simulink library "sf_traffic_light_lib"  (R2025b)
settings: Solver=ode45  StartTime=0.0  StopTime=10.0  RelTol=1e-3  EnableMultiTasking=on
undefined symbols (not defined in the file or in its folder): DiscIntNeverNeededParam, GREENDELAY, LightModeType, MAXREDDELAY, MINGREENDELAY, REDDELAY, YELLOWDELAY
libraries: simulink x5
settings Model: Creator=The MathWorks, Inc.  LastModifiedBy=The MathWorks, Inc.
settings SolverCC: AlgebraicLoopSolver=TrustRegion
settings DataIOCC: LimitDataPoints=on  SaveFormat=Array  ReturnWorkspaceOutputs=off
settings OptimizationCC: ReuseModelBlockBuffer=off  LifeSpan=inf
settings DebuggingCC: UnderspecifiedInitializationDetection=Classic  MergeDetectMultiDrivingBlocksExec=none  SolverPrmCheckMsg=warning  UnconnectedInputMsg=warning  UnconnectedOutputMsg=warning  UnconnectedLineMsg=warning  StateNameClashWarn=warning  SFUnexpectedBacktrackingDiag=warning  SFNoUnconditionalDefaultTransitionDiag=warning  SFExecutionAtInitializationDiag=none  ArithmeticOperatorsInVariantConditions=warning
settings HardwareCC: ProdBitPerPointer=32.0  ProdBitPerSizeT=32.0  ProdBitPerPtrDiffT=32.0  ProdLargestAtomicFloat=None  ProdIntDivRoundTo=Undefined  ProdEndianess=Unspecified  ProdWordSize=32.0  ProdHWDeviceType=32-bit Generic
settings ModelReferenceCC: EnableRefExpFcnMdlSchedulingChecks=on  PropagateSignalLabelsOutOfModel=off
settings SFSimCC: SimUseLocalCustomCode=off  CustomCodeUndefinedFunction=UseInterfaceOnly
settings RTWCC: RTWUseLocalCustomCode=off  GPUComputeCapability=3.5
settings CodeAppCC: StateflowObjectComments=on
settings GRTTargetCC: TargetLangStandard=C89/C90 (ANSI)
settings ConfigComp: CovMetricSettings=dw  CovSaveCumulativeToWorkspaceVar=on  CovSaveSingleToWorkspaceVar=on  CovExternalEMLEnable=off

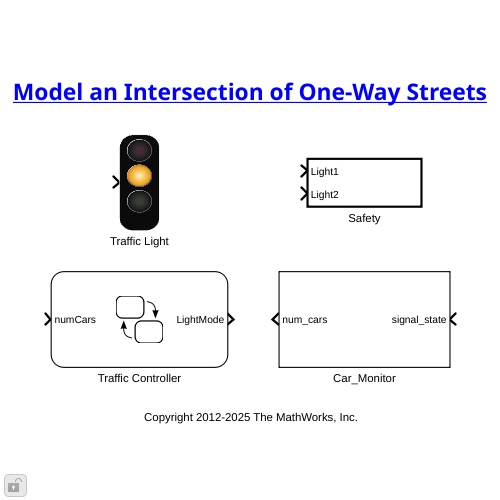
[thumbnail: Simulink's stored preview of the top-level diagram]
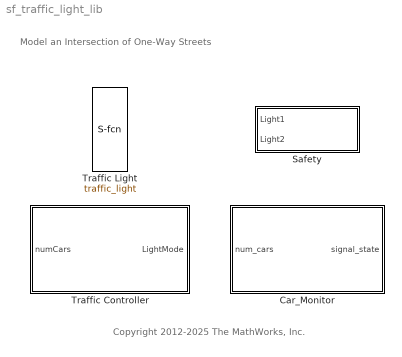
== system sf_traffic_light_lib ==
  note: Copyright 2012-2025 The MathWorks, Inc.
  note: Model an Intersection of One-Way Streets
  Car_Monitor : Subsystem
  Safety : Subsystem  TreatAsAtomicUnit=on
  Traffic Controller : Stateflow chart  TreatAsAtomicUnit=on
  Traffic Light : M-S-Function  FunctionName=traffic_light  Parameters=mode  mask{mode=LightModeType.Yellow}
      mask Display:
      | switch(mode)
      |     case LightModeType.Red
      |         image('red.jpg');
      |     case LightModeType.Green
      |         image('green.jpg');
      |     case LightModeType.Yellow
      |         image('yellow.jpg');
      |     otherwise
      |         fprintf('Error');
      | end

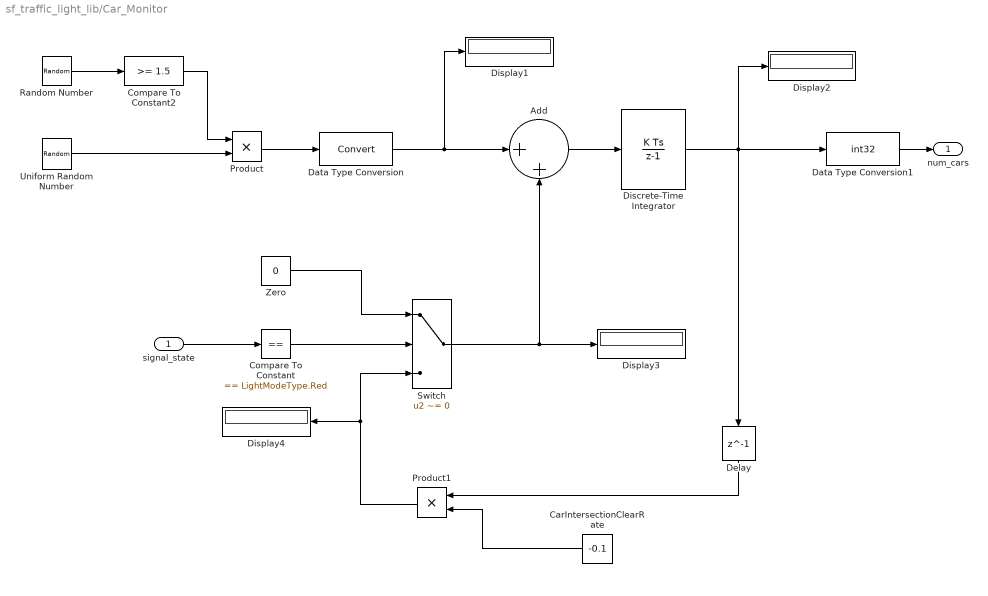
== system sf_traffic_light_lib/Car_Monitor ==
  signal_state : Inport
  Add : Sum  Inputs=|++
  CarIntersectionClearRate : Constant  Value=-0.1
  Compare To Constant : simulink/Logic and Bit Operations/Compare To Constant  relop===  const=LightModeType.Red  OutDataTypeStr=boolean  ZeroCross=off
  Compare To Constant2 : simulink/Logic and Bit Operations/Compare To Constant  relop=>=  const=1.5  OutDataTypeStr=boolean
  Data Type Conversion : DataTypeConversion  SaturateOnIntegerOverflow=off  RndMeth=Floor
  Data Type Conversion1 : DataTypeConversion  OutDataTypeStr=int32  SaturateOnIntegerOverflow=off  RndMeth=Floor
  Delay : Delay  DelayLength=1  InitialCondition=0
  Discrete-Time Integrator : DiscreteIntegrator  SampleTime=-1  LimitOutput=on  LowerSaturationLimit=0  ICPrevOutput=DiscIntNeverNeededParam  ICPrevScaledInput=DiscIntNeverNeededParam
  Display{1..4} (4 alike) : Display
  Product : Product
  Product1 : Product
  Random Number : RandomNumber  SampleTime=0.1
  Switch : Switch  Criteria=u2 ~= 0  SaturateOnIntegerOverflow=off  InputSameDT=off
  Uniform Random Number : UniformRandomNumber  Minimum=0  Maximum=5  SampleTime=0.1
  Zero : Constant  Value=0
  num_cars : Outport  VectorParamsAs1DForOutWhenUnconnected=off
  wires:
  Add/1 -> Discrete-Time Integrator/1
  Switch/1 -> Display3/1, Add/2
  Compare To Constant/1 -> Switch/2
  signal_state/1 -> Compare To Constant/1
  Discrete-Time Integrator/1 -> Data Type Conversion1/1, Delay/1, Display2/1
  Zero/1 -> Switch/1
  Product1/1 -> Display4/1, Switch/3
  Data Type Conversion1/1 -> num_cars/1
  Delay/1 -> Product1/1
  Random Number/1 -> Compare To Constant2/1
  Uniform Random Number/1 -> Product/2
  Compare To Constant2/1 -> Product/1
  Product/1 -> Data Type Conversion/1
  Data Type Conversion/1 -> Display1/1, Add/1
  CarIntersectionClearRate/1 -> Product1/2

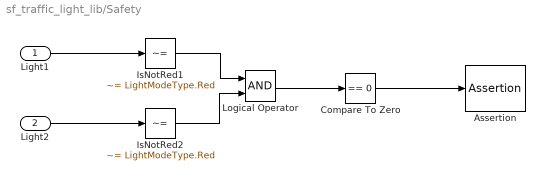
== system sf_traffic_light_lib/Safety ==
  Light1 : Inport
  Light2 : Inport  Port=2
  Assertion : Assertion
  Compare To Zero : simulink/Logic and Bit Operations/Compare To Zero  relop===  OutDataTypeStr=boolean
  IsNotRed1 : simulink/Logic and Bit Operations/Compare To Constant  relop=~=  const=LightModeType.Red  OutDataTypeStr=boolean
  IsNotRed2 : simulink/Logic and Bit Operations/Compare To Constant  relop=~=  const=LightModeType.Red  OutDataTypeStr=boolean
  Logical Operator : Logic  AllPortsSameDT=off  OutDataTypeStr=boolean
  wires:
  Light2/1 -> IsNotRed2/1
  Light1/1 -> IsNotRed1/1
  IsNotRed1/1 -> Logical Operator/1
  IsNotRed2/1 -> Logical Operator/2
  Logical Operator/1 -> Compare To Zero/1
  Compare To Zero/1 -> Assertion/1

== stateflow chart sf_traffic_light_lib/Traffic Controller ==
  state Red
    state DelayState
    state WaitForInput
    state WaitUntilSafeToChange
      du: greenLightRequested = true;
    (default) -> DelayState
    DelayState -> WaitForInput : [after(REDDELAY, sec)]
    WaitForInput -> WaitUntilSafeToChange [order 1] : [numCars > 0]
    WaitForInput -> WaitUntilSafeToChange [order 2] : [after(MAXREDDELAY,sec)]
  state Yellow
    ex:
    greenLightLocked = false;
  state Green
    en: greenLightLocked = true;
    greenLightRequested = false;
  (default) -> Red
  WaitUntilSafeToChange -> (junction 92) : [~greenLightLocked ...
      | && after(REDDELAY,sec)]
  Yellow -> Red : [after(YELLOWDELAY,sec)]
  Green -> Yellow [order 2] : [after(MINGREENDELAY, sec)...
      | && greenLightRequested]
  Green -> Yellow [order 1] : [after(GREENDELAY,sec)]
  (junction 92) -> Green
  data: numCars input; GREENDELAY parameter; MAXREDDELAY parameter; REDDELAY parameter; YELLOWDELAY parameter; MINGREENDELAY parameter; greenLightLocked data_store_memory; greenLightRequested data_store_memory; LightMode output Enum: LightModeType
------
Nothing but the pictures is to be left out; the rest of the listing should be copied exactly.

simulink library "sf_traffic_light_lib"  (R2025b)
settings: Solver=ode45  StartTime=0.0  StopTime=10.0  RelTol=1e-3  EnableMultiTasking=on
undefined symbols (not defined in the file or in its folder): DiscIntNeverNeededParam, GREENDELAY, LightModeType, MAXREDDELAY, MINGREENDELAY, REDDELAY, YELLOWDELAY
libraries: simulink x5
settings Model: Creator=The MathWorks, Inc.  LastModifiedBy=The MathWorks, Inc.
settings SolverCC: AlgebraicLoopSolver=TrustRegion
settings DataIOCC: LimitDataPoints=on  SaveFormat=Array  ReturnWorkspaceOutputs=off
settings OptimizationCC: ReuseModelBlockBuffer=off  LifeSpan=inf
settings DebuggingCC: UnderspecifiedInitializationDetection=Classic  MergeDetectMultiDrivingBlocksExec=none  SolverPrmCheckMsg=warning  UnconnectedInputMsg=warning  UnconnectedOutputMsg=warning  UnconnectedLineMsg=warning  StateNameClashWarn=warning  SFUnexpectedBacktrackingDiag=warning  SFNoUnconditionalDefaultTransitionDiag=warning  SFExecutionAtInitializationDiag=none  ArithmeticOperatorsInVariantConditions=warning
settings HardwareCC: ProdBitPerPointer=32.0  ProdBitPerSizeT=32.0  ProdBitPerPtrDiffT=32.0  ProdLargestAtomicFloat=None  ProdIntDivRoundTo=Undefined  ProdEndianess=Unspecified  ProdWordSize=32.0  ProdHWDeviceType=32-bit Generic
settings ModelReferenceCC: EnableRefExpFcnMdlSchedulingChecks=on  PropagateSignalLabelsOutOfModel=off
settings SFSimCC: SimUseLocalCustomCode=off  CustomCodeUndefinedFunction=UseInterfaceOnly
settings RTWCC: RTWUseLocalCustomCode=off  GPUComputeCapability=3.5
settings CodeAppCC: StateflowObjectComments=on
settings GRTTargetCC: TargetLangStandard=C89/C90 (ANSI)
settings ConfigComp: CovMetricSettings=dw  CovSaveCumulativeToWorkspaceVar=on  CovSaveSingleToWorkspaceVar=on  CovExternalEMLEnable=off

[thumbnail: Simulink's stored preview of the top-level diagram]
== system sf_traffic_light_lib ==
  note: Copyright 2012-2025 The MathWorks, Inc.
  note: Model an Intersection of One-Way Streets
  Car_Monitor : Subsystem
  Safety : Subsystem  TreatAsAtomicUnit=on
  Traffic Controller : Stateflow chart  TreatAsAtomicUnit=on
  Traffic Light : M-S-Function  FunctionName=traffic_light  Parameters=mode  mask{mode=LightModeType.Yellow}
      mask Display:
      | switch(mode)
      |     case LightModeType.Red
      |         image('red.jpg');
      |     case LightModeType.Green
      |         image('green.jpg');
      |     case LightModeType.Yellow
      |         image('yellow.jpg');
      |     otherwise
      |         fprintf('Error');
      | end

== system sf_traffic_light_lib/Car_Monitor ==
  signal_state : Inport
  Add : Sum  Inputs=|++
  CarIntersectionClearRate : Constant  Value=-0.1
  Compare To Constant : simulink/Logic and Bit Operations/Compare To Constant  relop===  const=LightModeType.Red  OutDataTypeStr=boolean  ZeroCross=off
  Compare To Constant2 : simulink/Logic and Bit Operations/Compare To Constant  relop=>=  const=1.5  OutDataTypeStr=boolean
  Data Type Conversion : DataTypeConversion  SaturateOnIntegerOverflow=off  RndMeth=Floor
  Data Type Conversion1 : DataTypeConversion  OutDataTypeStr=int32  SaturateOnIntegerOverflow=off  RndMeth=Floor
  Delay : Delay  DelayLength=1  InitialCondition=0
  Discrete-Time Integrator : DiscreteIntegrator  SampleTime=-1  LimitOutput=on  LowerSaturationLimit=0  ICPrevOutput=DiscIntNeverNeededParam  ICPrevScaledInput=DiscIntNeverNeededParam
  Display{1..4} (4 alike) : Display
  Product : Product
  Product1 : Product
  Random Number : RandomNumber  SampleTime=0.1
  Switch : Switch  Criteria=u2 ~= 0  SaturateOnIntegerOverflow=off  InputSameDT=off
  Uniform Random Number : UniformRandomNumber  Minimum=0  Maximum=5  SampleTime=0.1
  Zero : Constant  Value=0
  num_cars : Outport  VectorParamsAs1DForOutWhenUnconnected=off
  wires:
  Add/1 -> Discrete-Time Integrator/1
  Switch/1 -> Display3/1, Add/2
  Compare To Constant/1 -> Switch/2
  signal_state/1 -> Compare To Constant/1
  Discrete-Time Integrator/1 -> Data Type Conversion1/1, Delay/1, Display2/1
  Zero/1 -> Switch/1
  Product1/1 -> Display4/1, Switch/3
  Data Type Conversion1/1 -> num_cars/1
  Delay/1 -> Product1/1
  Random Number/1 -> Compare To Constant2/1
  Uniform Random Number/1 -> Product/2
  Compare To Constant2/1 -> Product/1
  Product/1 -> Data Type Conversion/1
  Data Type Conversion/1 -> Display1/1, Add/1
  CarIntersectionClearRate/1 -> Product1/2

== system sf_traffic_light_lib/Safety ==
  Light1 : Inport
  Light2 : Inport  Port=2
  Assertion : Assertion
  Compare To Zero : simulink/Logic and Bit Operations/Compare To Zero  relop===  OutDataTypeStr=boolean
  IsNotRed1 : simulink/Logic and Bit Operations/Compare To Constant  relop=~=  const=LightModeType.Red  OutDataTypeStr=boolean
  IsNotRed2 : simulink/Logic and Bit Operations/Compare To Constant  relop=~=  const=LightModeType.Red  OutDataTypeStr=boolean
  Logical Operator : Logic  AllPortsSameDT=off  OutDataTypeStr=boolean
  wires:
  Light2/1 -> IsNotRed2/1
  Light1/1 -> IsNotRed1/1
  IsNotRed1/1 -> Logical Operator/1
  IsNotRed2/1 -> Logical Operator/2
  Logical Operator/1 -> Compare To Zero/1
  Compare To Zero/1 -> Assertion/1

== stateflow chart sf_traffic_light_lib/Traffic Controller ==
  state Red
    state DelayState
    state WaitForInput
    state WaitUntilSafeToChange
      du: greenLightRequested = true;
    (default) -> DelayState
    DelayState -> WaitForInput : [after(REDDELAY, sec)]
    WaitForInput -> WaitUntilSafeToChange [order 1] : [numCars > 0]
    WaitForInput -> WaitUntilSafeToChange [order 2] : [after(MAXREDDELAY,sec)]
  state Yellow
    ex:
    greenLightLocked = false;
  state Green
    en: greenLightLocked = true;
    greenLightRequested = false;
  (default) -> Red
  WaitUntilSafeToChange -> (junction 92) : [~greenLightLocked ...
      | && after(REDDELAY,sec)]
  Yellow -> Red : [after(YELLOWDELAY,sec)]
  Green -> Yellow [order 2] : [after(MINGREENDELAY, sec)...
      | && greenLightRequested]
  Green -> Yellow [order 1] : [after(GREENDELAY,sec)]
  (junction 92) -> Green
  data: numCars input; GREENDELAY parameter; MAXREDDELAY parameter; REDDELAY parameter; YELLOWDELAY parameter; MINGREENDELAY parameter; greenLightLocked data_store_memory; greenLightRequested data_store_memory; LightMode output Enum: LightModeType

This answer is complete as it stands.